# new additions



## gaz44 (May 21, 2009)

looks like christmas could be a slightly manic affair in my home.
eight new additions nearly ready to run riot.


----------



## joedenise (Jul 20, 2007)

What make Gaz

joe


----------



## janet1 (Feb 10, 2012)

Beautiful Rotties I think. Absolutely georgeous!! x


----------



## gaz44 (May 21, 2009)

pupps are dobermanns,
small and fat at the moment, three weeks old tomorow.
were in the calm before the storm at the moment.


----------



## gaz44 (May 21, 2009)

in a couple of years they look some thing like this.....


----------



## motormouth (Jul 3, 2010)

With or without tails???


----------



## Sprinta (Sep 15, 2010)

"Ok you got my attention pointing over there with your right hand - what are you about to do with the left ?


----------



## LadyJ (May 9, 2005)

Oh lovely Gary I'd love one but I don't think the terrorists would somehow :lol: give mum a hug from me



Jacquie


----------



## gaz44 (May 21, 2009)

motormouth said:


> With or without tails???


have to have tails now im afraid.


----------



## gaz44 (May 21, 2009)

LadyJ said:


> Oh lovely Gary I'd love one but I don't think the terrorists would somehow :lol: give mum a hug from me
> 
> Jacquie


thanks jacquie, 
it must of been the sea air, we had to go back to brean the week after the rally for the dirty deed, as the stud dog was on holliday  
the sites had no vw's this time, but were full of cowboys and indians.


----------



## motormouth (Jul 3, 2010)

gaz44 said:


> motormouth said:
> 
> 
> > With or without tails???
> ...


I hadn't realised that. :roll:


----------



## Pusser (May 9, 2005)

Nice to see something being born and brand new and a change from all the dying in the world.

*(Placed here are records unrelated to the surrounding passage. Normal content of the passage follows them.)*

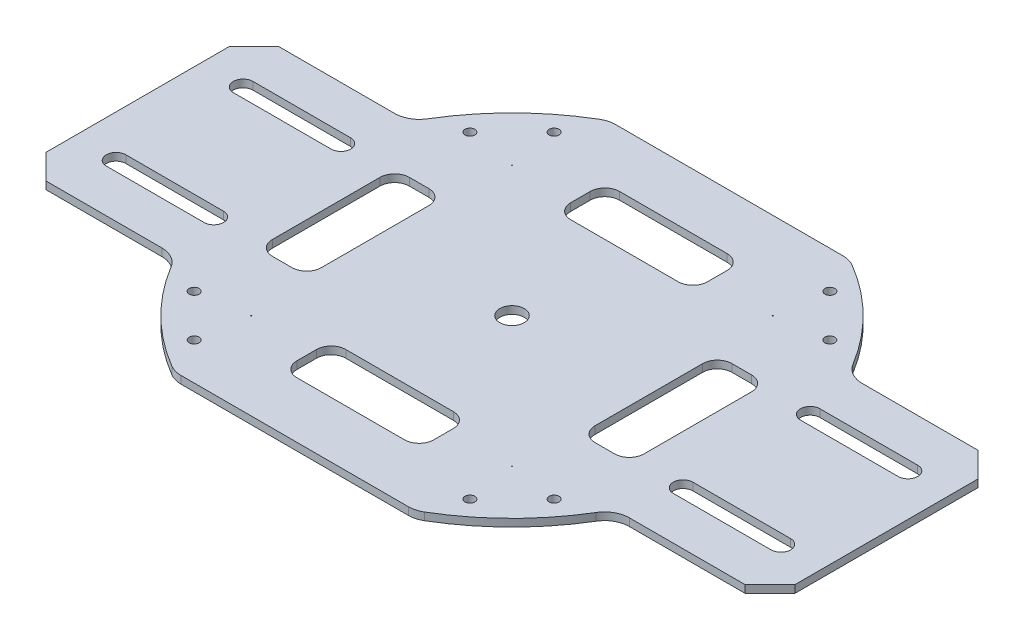
from build123d import *

# Parameters (mm, degrees)
SKETCH1_R           = 2.5
SKETCH1_R_2         = 1.016
SKETCH1_R_3         = 0.080960088
BOSS_EXTRUDE1_DEPTH = 1.55
CUT_EXTRUDE1_DEPTH  = 2.55
CUT_EXTRUDE2_DEPTH  = 2.55


with BuildPart() as part:
    # Sketch1 → Boss-Extrude1 (new body)
    with BuildSketch(Plane(origin=(0, 0, 0), x_dir=(1, 0, 0), z_dir=(0, 1, 0))):
        with BuildLine():
            Line((-23.244816627, 44.45), (23.244816627, 44.45))
            ThreePointArc((23.244816627, 44.45), (24.583514169, 44.270437622), (25.827574029, 43.744444444))
            ThreePointArc((25.827574029, 43.744444444), (35.740062311, 36.101079569), (43.482663438, 26.265909091))
            ThreePointArc((43.482663438, 26.265909091), (45.334600658, 24.468164919), (47.830929781, 23.8125))
            Line((47.830929781, 23.8125), (71.516875, 23.8125))
            Line((71.516875, 23.8125), (76.596875, 18.7325))
            Line((76.596875, 18.7325), (76.596875, -18.7325))
            Line((76.596875, -18.7325), (71.516875, -23.8125))
            Line((71.516875, -23.8125), (47.830929781, -23.8125))
            ThreePointArc((47.830929781, -23.8125), (45.334600658, -24.468164919), (43.482663438, -26.265909091))
            ThreePointArc((43.482663438, -26.265909091), (35.740062311, -36.101079569), (25.827574029, -43.744444444))
            ThreePointArc((25.827574029, -43.744444444), (24.583514169, -44.270437622), (23.244816627, -44.45))
            Line((23.244816627, -44.45), (-23.244816627, -44.45))
            ThreePointArc((-23.244816627, -44.45), (-24.583514169, -44.270437622), (-25.827574029, -43.744444444))
            ThreePointArc((-25.827574029, -43.744444444), (-35.740062311, -36.101079569), (-43.482663438, -26.265909091))
            ThreePointArc((-43.482663438, -26.265909091), (-45.334600658, -24.468164919), (-47.830929781, -23.8125))
            Line((-47.830929781, -23.8125), (-71.516875, -23.8125))
            Line((-71.516875, -23.8125), (-76.596875, -18.7325))
            Line((-76.596875, -18.7325), (-76.596875, 18.7325))
            Line((-76.596875, 18.7325), (-71.516875, 23.8125))
            Line((-71.516875, 23.8125), (-47.830929781, 23.8125))
            ThreePointArc((-47.830929781, 23.8125), (-45.334600658, 24.468164919), (-43.482663438, 26.265909091))
            ThreePointArc((-43.482663438, 26.265909091), (-35.740062311, 36.101079569), (-25.827574029, 43.744444444))
            ThreePointArc((-25.827574029, 43.744444444), (-24.583514169, 44.270437622), (-23.244816627, 44.45))
        make_face()
        Circle(SKETCH1_R, mode=Mode.SUBTRACT)
        with Locations((36.819050096, 28.19800422)):
            Circle(SKETCH1_R_2, mode=Mode.SUBTRACT)
        with Locations((28.19800422, 36.819050096)):
            Circle(SKETCH1_R_2, mode=Mode.SUBTRACT)
        with Locations((26.671582547, 26.671582547)):
            Circle(SKETCH1_R_3, mode=Mode.SUBTRACT)
        with Locations((26.671582547, -26.671582547)):
            Circle(SKETCH1_R_3, mode=Mode.SUBTRACT)
        with Locations((36.819050096, -28.19800422)):
            Circle(SKETCH1_R_2, mode=Mode.SUBTRACT)
        with Locations((28.19800422, -36.819050096)):
            Circle(SKETCH1_R_2, mode=Mode.SUBTRACT)
        with Locations((-26.671582547, -26.671582547)):
            Circle(SKETCH1_R_3, mode=Mode.SUBTRACT)
        with Locations((-28.19800422, -36.819050096)):
            Circle(SKETCH1_R_2, mode=Mode.SUBTRACT)
        with Locations((-36.819050096, -28.19800422)):
            Circle(SKETCH1_R_2, mode=Mode.SUBTRACT)
        with Locations((-26.671582547, 26.671582547)):
            Circle(SKETCH1_R_3, mode=Mode.SUBTRACT)
        with Locations((-36.819050096, 28.19800422)):
            Circle(SKETCH1_R_2, mode=Mode.SUBTRACT)
        with Locations((-28.19800422, 36.819050096)):
            Circle(SKETCH1_R_2, mode=Mode.SUBTRACT)
    extrude(amount=BOSS_EXTRUDE1_DEPTH)

    # Sketch2 → Cut-Extrude1 (cut, through all)
    with BuildSketch(Plane(origin=(0, 1.55, 0), x_dir=(1, 0, 0), z_dir=(0, 1, 0))):
        with BuildLine():
            Line((48, 15), (68, 15))
            ThreePointArc((68, 15), (70, 13), (68, 11))
            Line((68, 11), (48, 11))
            ThreePointArc((48, 11), (46, 13), (48, 15))
        make_face()
        with BuildLine():
            Line((48, -15), (68, -15))
            ThreePointArc((68, -15), (70, -13), (68, -11))
            Line((68, -11), (48, -11))
            ThreePointArc((48, -11), (46, -13), (48, -15))
        make_face()
        with BuildLine():
            Line((-48, 15), (-68, 15))
            ThreePointArc((-68, 15), (-70, 13), (-68, 11))
            Line((-68, 11), (-48, 11))
            ThreePointArc((-48, 11), (-46, 13), (-48, 15))
        make_face()
        with BuildLine():
            Line((-48, -15), (-68, -15))
            ThreePointArc((-68, -15), (-70, -13), (-68, -11))
            Line((-68, -11), (-48, -11))
            ThreePointArc((-48, -11), (-46, -13), (-48, -15))
        make_face()
    extrude(amount=-CUT_EXTRUDE1_DEPTH, mode=Mode.SUBTRACT)

    # Sketch3 → Cut-Extrude2 (cut, through all)
    with BuildSketch(Plane(origin=(0, 1.55, 0), x_dir=(1, 0, 0), z_dir=(0, 1, 0))):
        with BuildLine():
            Line((-11, 33), (11, 33))
            ThreePointArc((11, 33), (13.121320344, 32.121320344), (14, 30))
            Line((14, 30), (14, 26))
            ThreePointArc((14, 26), (13.121320344, 23.878679656), (11, 23))
            Line((11, 23), (-11, 23))
            ThreePointArc((-11, 23), (-13.121320344, 23.878679656), (-14, 26))
            Line((-14, 26), (-14, 30))
            ThreePointArc((-14, 30), (-13.121320344, 32.121320344), (-11, 33))
        make_face()
        with BuildLine():
            Line((14, -30), (14, -26))
            ThreePointArc((14, -26), (13.121320344, -23.878679656), (11, -23))
            Line((11, -23), (-11, -23))
            ThreePointArc((-11, -23), (-13.121320344, -23.878679656), (-14, -26))
            Line((-14, -26), (-14, -30))
            ThreePointArc((-14, -30), (-13.121320344, -32.121320344), (-11, -33))
            Line((-11, -33), (11, -33))
            ThreePointArc((11, -33), (13.121320344, -32.121320344), (14, -30))
        make_face()
        with BuildLine():
            Line((31, 14), (35, 14))
            ThreePointArc((35, 14), (37.121320344, 13.121320344), (38, 11))
            Line((38, 11), (38, -11))
            ThreePointArc((38, -11), (37.121320344, -13.121320344), (35, -14))
            Line((35, -14), (31, -14))
            ThreePointArc((31, -14), (28.878679656, -13.121320344), (28, -11))
            Line((28, -11), (28, 11))
            ThreePointArc((28, 11), (28.878679656, 13.121320344), (31, 14))
        make_face()
        with BuildLine():
            Line((-38, 11), (-38, -11))
            ThreePointArc((-38, -11), (-37.121320344, -13.121320344), (-35, -14))
            Line((-35, -14), (-31, -14))
            ThreePointArc((-31, -14), (-28.878679656, -13.121320344), (-28, -11))
            Line((-28, -11), (-28, 11))
            ThreePointArc((-28, 11), (-28.878679656, 13.121320344), (-31, 14))
            Line((-31, 14), (-35, 14))
            ThreePointArc((-35, 14), (-37.121320344, 13.121320344), (-38, 11))
        make_face()
    extrude(amount=-CUT_EXTRUDE2_DEPTH, mode=Mode.SUBTRACT)


solid = part.part

Silly question but do animals suffer morning sickness like Duchcam did.?


----------



## Hezbez (Feb 7, 2009)

gaz44 said:


> have to have tails now im afraid.


Why do you prefer them without tails?
I like the more 'au natural' look.


----------



## gaz44 (May 21, 2009)

Hezbez said:


> gaz44 said:
> 
> 
> > have to have tails now im afraid.
> ...


weve had dobe's for 30 years, and we still have an older girl with a docked tail.
it is her daughter who has just had the pups.
I have to admit i do prefer them without, but our other two both have full tails, now that a few years have passed it does honestly feel the way they should be.


----------



## gaz44 (May 21, 2009)

Hezbez said:


> gaz44 said:
> 
> 
> > have to have tails now im afraid.
> ...


weve had dobe's for 30 years, and we still have an older girl with a docked tail.
it is her daughter who has just had the pups.
I have to admit i do prefer them without, but our other two both have full tails, now that a few years have passed it does honestly feel the way they should be.


----------



## gaz44 (May 21, 2009)

heres an update, 
five weeks old yesterday,
although their super cute at the moment, ill be happier when there all sold as i think three in the house is enough, tho the wife wont agree.


----------



## gaz44 (May 21, 2009)

http://static.photobucket.com/player.swf


----------



## 4maddogs (May 4, 2010)

gaz44 said:


> motormouth said:
> 
> 
> > With or without tails???
> ...


Do you prefer them docked? Why do they dock Dobs?

I have springer spaniels and have mixed feelings as my 5 year old has had to have her tail amputated as she damaged it all the time. One of the others was docked (illegally I think...they are rescues), and the other has a high and very feathered tail and has never hurt it.

Poor Maddie is suffering with her dock now so, although I prefer to see a full tail, I realise that sometimes a dock is best.

Beautiful pups, you have there.


----------



## 4maddogs (May 4, 2010)

Oops, sorry just read the rest!

Just as cute a few weeks on.


----------